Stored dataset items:
⁂

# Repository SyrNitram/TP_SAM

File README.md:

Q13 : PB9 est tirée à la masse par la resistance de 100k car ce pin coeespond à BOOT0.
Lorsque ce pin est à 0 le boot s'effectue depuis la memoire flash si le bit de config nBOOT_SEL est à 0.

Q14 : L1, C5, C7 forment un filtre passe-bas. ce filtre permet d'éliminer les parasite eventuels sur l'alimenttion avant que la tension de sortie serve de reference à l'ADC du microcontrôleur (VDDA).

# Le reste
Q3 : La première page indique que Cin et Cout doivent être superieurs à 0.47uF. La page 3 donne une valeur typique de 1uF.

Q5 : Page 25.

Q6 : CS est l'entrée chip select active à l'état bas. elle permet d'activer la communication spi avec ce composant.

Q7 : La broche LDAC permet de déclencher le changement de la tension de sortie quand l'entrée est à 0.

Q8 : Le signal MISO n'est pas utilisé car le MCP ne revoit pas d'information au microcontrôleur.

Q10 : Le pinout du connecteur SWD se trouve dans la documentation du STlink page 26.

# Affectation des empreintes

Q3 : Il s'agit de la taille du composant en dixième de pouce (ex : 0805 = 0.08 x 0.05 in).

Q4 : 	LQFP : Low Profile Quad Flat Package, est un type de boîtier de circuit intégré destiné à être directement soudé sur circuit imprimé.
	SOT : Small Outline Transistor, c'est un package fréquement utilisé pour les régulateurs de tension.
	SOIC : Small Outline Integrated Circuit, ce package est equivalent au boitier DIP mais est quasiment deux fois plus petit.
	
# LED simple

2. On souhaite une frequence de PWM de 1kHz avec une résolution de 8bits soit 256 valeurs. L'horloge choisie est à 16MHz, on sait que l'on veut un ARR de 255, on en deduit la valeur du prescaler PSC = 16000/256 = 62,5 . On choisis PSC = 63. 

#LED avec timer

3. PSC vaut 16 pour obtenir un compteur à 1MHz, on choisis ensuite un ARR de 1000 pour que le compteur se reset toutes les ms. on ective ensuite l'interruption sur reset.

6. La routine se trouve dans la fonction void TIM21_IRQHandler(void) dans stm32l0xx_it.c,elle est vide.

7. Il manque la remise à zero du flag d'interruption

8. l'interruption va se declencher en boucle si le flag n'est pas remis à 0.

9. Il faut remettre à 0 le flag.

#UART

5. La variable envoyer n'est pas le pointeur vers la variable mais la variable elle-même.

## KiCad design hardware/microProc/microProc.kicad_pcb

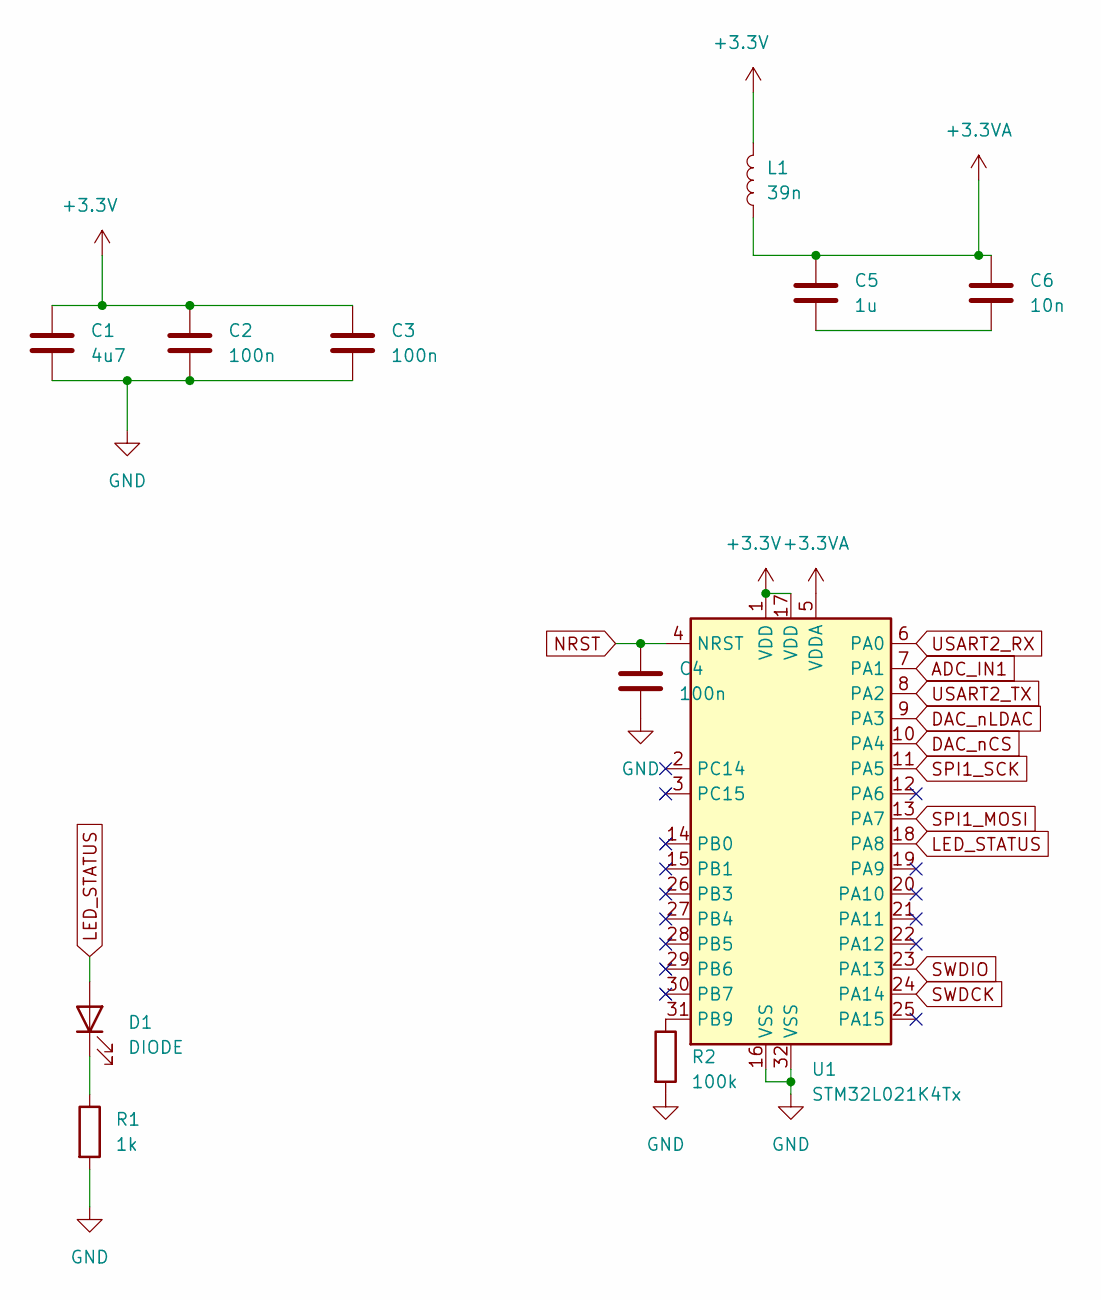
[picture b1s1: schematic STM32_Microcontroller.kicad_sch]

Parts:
C1: 4u7; C_0805_2012Metric_Pad1.18x1.45mm_HandSolder
C2, C3, C4: 100n; C_0805_2012Metric_Pad1.18x1.45mm_HandSolder
C5: 1u; C_0805_2012Metric_Pad1.18x1.45mm_HandSolder
C6: 10n; C_0805_2012Metric_Pad1.18x1.45mm_HandSolder
D1: DIODE; LED_0603_1608Metric_Pad1.05x0.95mm_HandSolder
L1: 39n; L_0805_2012Metric_Pad1.05x1.20mm_HandSolder
R1: 1k; R_0805_2012Metric_Pad1.20x1.40mm_HandSolder
R2: 100k; R_0805_2012Metric_Pad1.20x1.40mm_HandSolder
U1: STM32L021K4Tx; LQFP-32_7x7mm_P0.8mm

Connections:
+3.3VA: C5.1, C6.1, L1.1, U1.5 (VDDA)
ADC_IN1: U1.7 (PA1); also elsewhere on the board
DAC_nCS: U1.10 (PA4); also elsewhere on the board
DAC_nLDAC: U1.9 (PA3); also elsewhere on the board
GND: C1.2, C2.2, C3.2, C4.2, R1.2, R2.2, U1.16 (VSS), U1.32 (VSS); also elsewhere on the board
LED_STATUS: D1.2 (A), U1.18 (PA8)
NRST: C4.1, U1.4 (NRST); also elsewhere on the board
unnamed: C5.2, C6.2
unnamed: D1.1 (K), R1.1
unnamed: R2.1, U1.31 (PB9)
SPI1_MOSI: U1.13 (PA7); also elsewhere on the board
SPI1_SCK: U1.11 (PA5); also elsewhere on the board
SWDCK: U1.24 (PA14); also elsewhere on the board
SWDIO: U1.23 (PA13); also elsewhere on the board
USART2_RX: U1.6 (PA0); also elsewhere on the board
USART2_TX: U1.8 (PA2); also elsewhere on the board

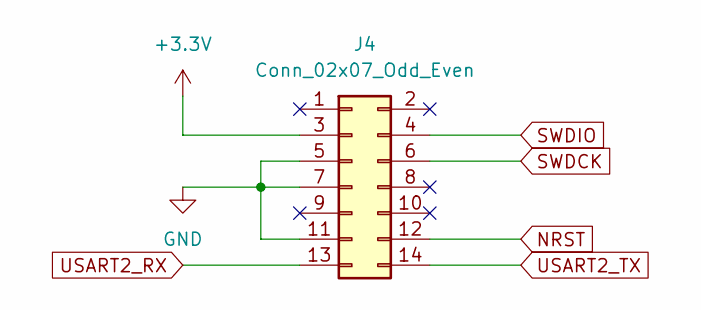
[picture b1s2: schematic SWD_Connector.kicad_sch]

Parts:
J4: Conn_02x07_Odd_Even; PinHeader_2x07_P1.27mm_Vertical_SMD

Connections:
GND: J4.5, J4.7, J4.11; also elsewhere on the board
NRST: J4.12; also elsewhere on the board
SWDCK: J4.6; also elsewhere on the board
SWDIO: J4.4; also elsewhere on the board
USART2_RX: J4.13; also elsewhere on the board
USART2_TX: J4.14; also elsewhere on the board

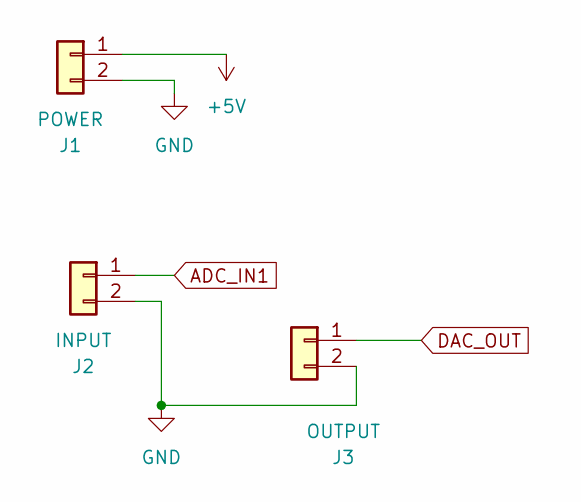
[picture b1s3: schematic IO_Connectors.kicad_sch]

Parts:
J1: POWER; JST_XH_B2B-XH-A_1x02_P2.50mm_Vertical
J2: INPUT; JST_XH_B2B-XH-A_1x02_P2.50mm_Vertical
J3: OUTPUT; JST_XH_B2B-XH-A_1x02_P2.50mm_Vertical

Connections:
+5V: J1.1; also elsewhere on the board
ADC_IN1: J2.1; also elsewhere on the board
DAC_OUT: J3.1; also elsewhere on the board
GND: J1.2, J2.2, J3.2; also elsewhere on the board

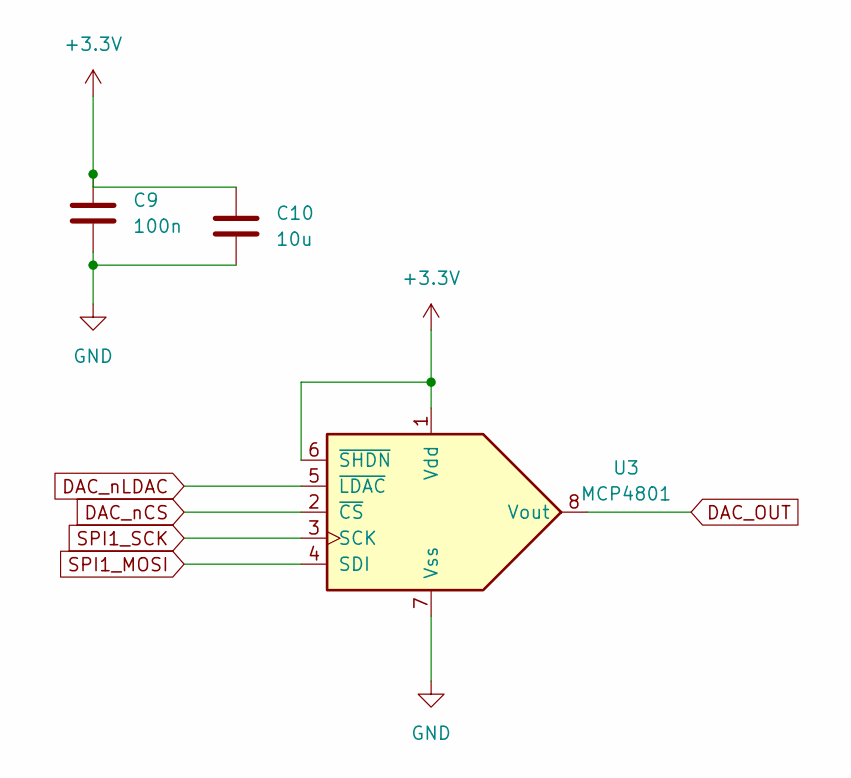
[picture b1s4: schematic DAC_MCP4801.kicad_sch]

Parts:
C9: 100n; C_0805_2012Metric_Pad1.18x1.45mm_HandSolder
C10: 10u; C_0805_2012Metric_Pad1.18x1.45mm_HandSolder
U3: MCP4801; SOIC-8_3.9x4.9mm_P1.27mm

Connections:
DAC_OUT: U3.8 (Vout); also elsewhere on the board
DAC_nCS: U3.2 (~CS); also elsewhere on the board
DAC_nLDAC: U3.5 (~LDAC); also elsewhere on the board
GND: C9.2, C10.2, U3.7 (Vss); also elsewhere on the board
SPI1_MOSI: U3.4 (SDI); also elsewhere on the board
SPI1_SCK: U3.3 (SCK); also elsewhere on the board

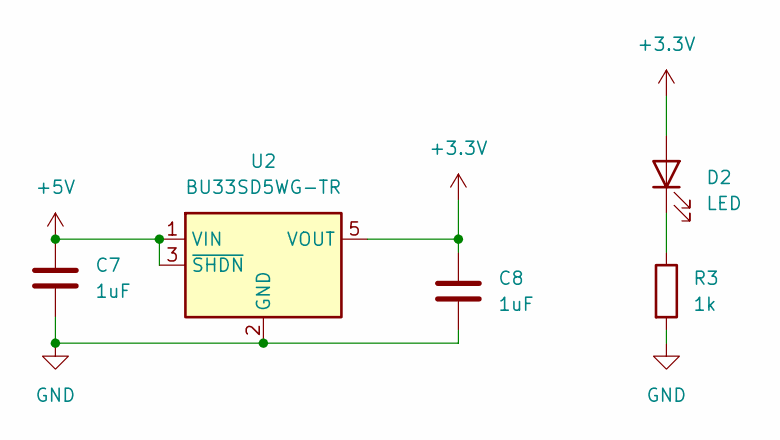
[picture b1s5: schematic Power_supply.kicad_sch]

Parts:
C7, C8: 1uF; C_0805_2012Metric_Pad1.18x1.45mm_HandSolder
D2: LED; LED_0603_1608Metric_Pad1.05x0.95mm_HandSolder
R3: 1k; R_0805_2012Metric_Pad1.20x1.40mm_HandSolder
U2: BU33SD5WG-TR; SOT-23-5

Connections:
+5V: C7.1, U2.1 (VIN), U2.3 (~SHDN); also elsewhere on the board
GND: C7.2, C8.2, R3.2, U2.2 (GND); also elsewhere on the board
unnamed: D2.1 (K), R3.1

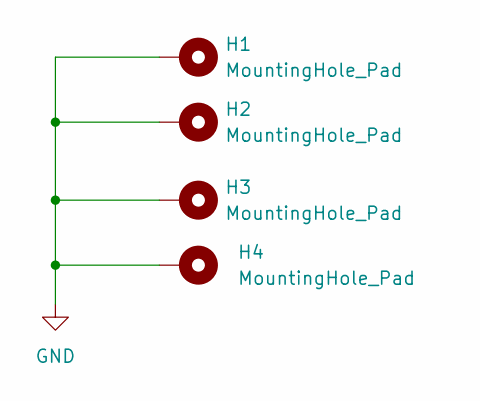
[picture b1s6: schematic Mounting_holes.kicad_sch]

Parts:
H1, H2, H3, H4: MountingHole_Pad; MountingHole_3.2mm_M3_Pad

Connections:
GND: H1.1, H2.1, H3.1, H4.1; also elsewhere on the board

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
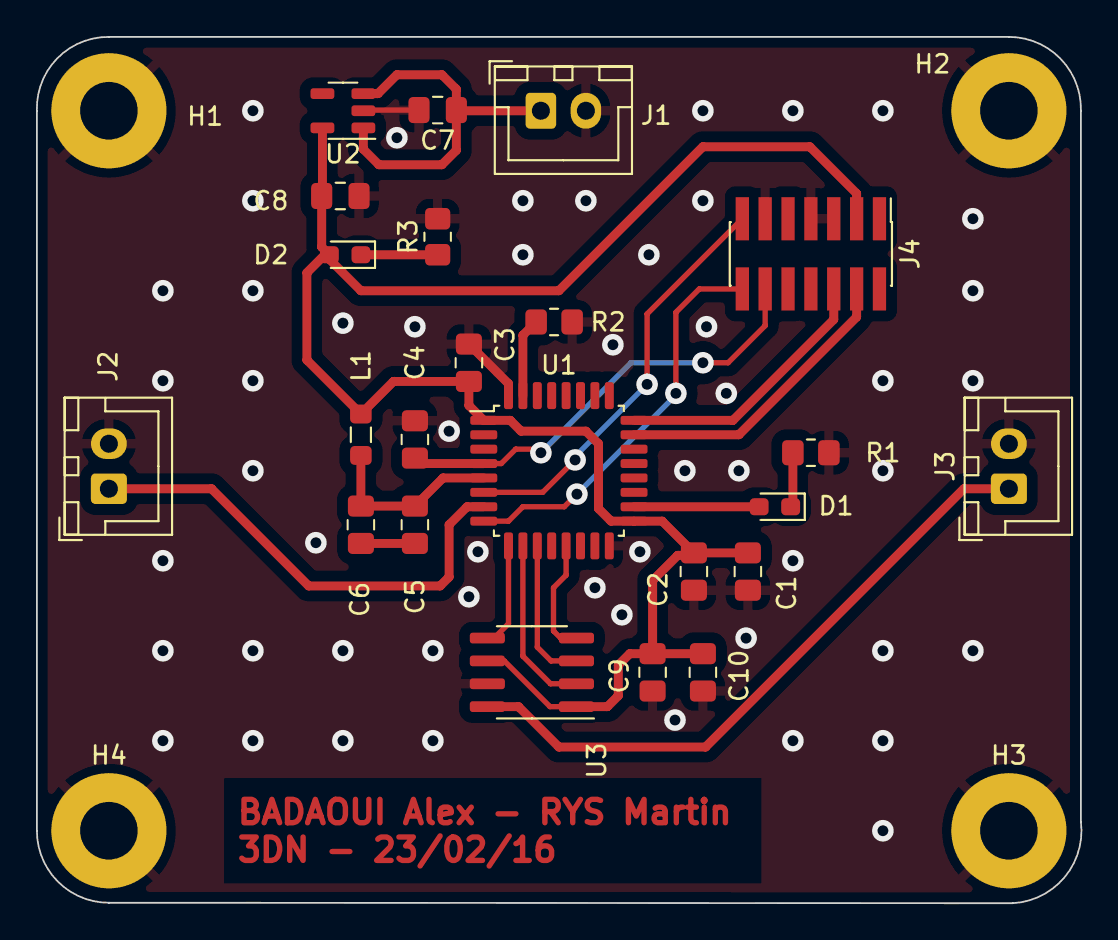
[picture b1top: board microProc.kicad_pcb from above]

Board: 2 copper layers, 58.0 x 48.1 mm, 27 parts (0 on the bottom side), 20 nets.

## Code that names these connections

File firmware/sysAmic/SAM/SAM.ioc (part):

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Mcu.Name=STM32L021K4Tx
Mcu.Package=LQFP32
Mcu.UserName=STM32L021K4Tx
PA0-CK_IN.Mode=Asynchronous
PA0-CK_IN.Signal=USART2_RX
PA1.Mode=IN1
PA1.Signal=ADC_IN1
PA13.Mode=Serial_Wire
PA13.Signal=SYS_SWDIO
PA14.Mode=Serial_Wire
PA14.Signal=SYS_SWCLK
PA2.Mode=Asynchronous
PA2.Signal=USART2_TX
PA3.GPIOParameters=GPIO_Label
PA3.GPIO_Label=DAC_nLDAC
PA3.Signal=GPIO_Output
PA4.GPIOParameters=GPIO_Label
PA4.GPIO_Label=DAC_nCS
PA4.Signal=GPIO_Output
PA5.Mode=TX_Only_Simplex_Unidirect_Master
PA5.Signal=SPI1_SCK
PA7.Mode=TX_Only_Simplex_Unidirect_Master
PA7.Signal=SPI1_MOSI
PA8.GPIOParameters=GPIO_Label
PA8.GPIO_Label=LED_STATUS
PA8.Signal=S_TIM2_CH1
RCC.HSE_VALUE=8000000
RCC.SYSCLKFreq_VALUE=16000000
RCC.SYSCLKSource=RCC_SYSCLKSOURCE_HSI
board=custom

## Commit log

2023-02-15 TEST
2023-02-15 REMOVED TEST
2023-02-15 Ajout des dossiers et des documentations
2023-02-15 Changement des noms pour plus de lisibilité
2023-02-15 Debut projet
    Init Cube MX et KICAD
2023-02-15 Added STLINK DS
2023-02-15 Changement
2023-02-15 Séparation des feuilles Kicad
2023-02-15 KICAD component ST32 microP
2023-02-15 Ajout de la feuille Power supply
2023-02-15 DAC MCP4801
2023-02-15 SWD connector
2023-02-15 IO Connector
2023-02-15 Ré-ajout de powersupply
2023-02-15 Correction nom powersupply
2023-02-15 RéRé-ajout power supply
2023-02-15 Suppression backup
2023-02-15 ERC verified, no error
2023-02-16 Remplacement de la doc du STlink
2023-02-16 Assigning Footprints
2023-02-16 v2 Assigning Footprints
2023-02-16 Added the mounting holes in Schematics
2023-02-16 Component placement
2023-02-16 Routage carte
2023-02-16 Final PCB
2023-02-16 Final Final PCB
2023-02-16 Added names to PCB
2023-03-10 Ajout du projet ST
2023-03-10 Led par interruption
2023-03-10 Ajout de la lisaison USART

⁂

Start at the line containing "D1: DIODE; LED_0603_1608Metric_Pad1.05x0.95mm_HandSolder" above and stop at the line containing "C10: 10u; C_0805_2012Metric_Pad1.18x1.45mm_HandSolder". Output those lines exactly, both included, but none of the pictures.

Written solution
D1: DIODE; LED_0603_1608Metric_Pad1.05x0.95mm_HandSolder
L1: 39n; L_0805_2012Metric_Pad1.05x1.20mm_HandSolder
R1: 1k; R_0805_2012Metric_Pad1.20x1.40mm_HandSolder
R2: 100k; R_0805_2012Metric_Pad1.20x1.40mm_HandSolder
U1: STM32L021K4Tx; LQFP-32_7x7mm_P0.8mm

Connections:
+3.3VA: C5.1, C6.1, L1.1, U1.5 (VDDA)
ADC_IN1: U1.7 (PA1); also elsewhere on the board
DAC_nCS: U1.10 (PA4); also elsewhere on the board
DAC_nLDAC: U1.9 (PA3); also elsewhere on the board
GND: C1.2, C2.2, C3.2, C4.2, R1.2, R2.2, U1.16 (VSS), U1.32 (VSS); also elsewhere on the board
LED_STATUS: D1.2 (A), U1.18 (PA8)
NRST: C4.1, U1.4 (NRST); also elsewhere on the board
unnamed: C5.2, C6.2
unnamed: D1.1 (K), R1.1
unnamed: R2.1, U1.31 (PB9)
SPI1_MOSI: U1.13 (PA7); also elsewhere on the board
SPI1_SCK: U1.11 (PA5); also elsewhere on the board
SWDCK: U1.24 (PA14); also elsewhere on the board
SWDIO: U1.23 (PA13); also elsewhere on the board
USART2_RX: U1.6 (PA0); also elsewhere on the board
USART2_TX: U1.8 (PA2); also elsewhere on the board

[picture b1s2: schematic SWD_Connector.kicad_sch]

Parts:
J4: Conn_02x07_Odd_Even; PinHeader_2x07_P1.27mm_Vertical_SMD

Connections:
GND: J4.5, J4.7, J4.11; also elsewhere on the board
NRST: J4.12; also elsewhere on the board
SWDCK: J4.6; also elsewhere on the board
SWDIO: J4.4; also elsewhere on the board
USART2_RX: J4.13; also elsewhere on the board
USART2_TX: J4.14; also elsewhere on the board

[picture b1s3: schematic IO_Connectors.kicad_sch]

Parts:
J1: POWER; JST_XH_B2B-XH-A_1x02_P2.50mm_Vertical
J2: INPUT; JST_XH_B2B-XH-A_1x02_P2.50mm_Vertical
J3: OUTPUT; JST_XH_B2B-XH-A_1x02_P2.50mm_Vertical

Connections:
+5V: J1.1; also elsewhere on the board
ADC_IN1: J2.1; also elsewhere on the board
DAC_OUT: J3.1; also elsewhere on the board
GND: J1.2, J2.2, J3.2; also elsewhere on the board

[picture b1s4: schematic DAC_MCP4801.kicad_sch]

Parts:
C9: 100n; C_0805_2012Metric_Pad1.18x1.45mm_HandSolder
C10: 10u; C_0805_2012Metric_Pad1.18x1.45mm_HandSolder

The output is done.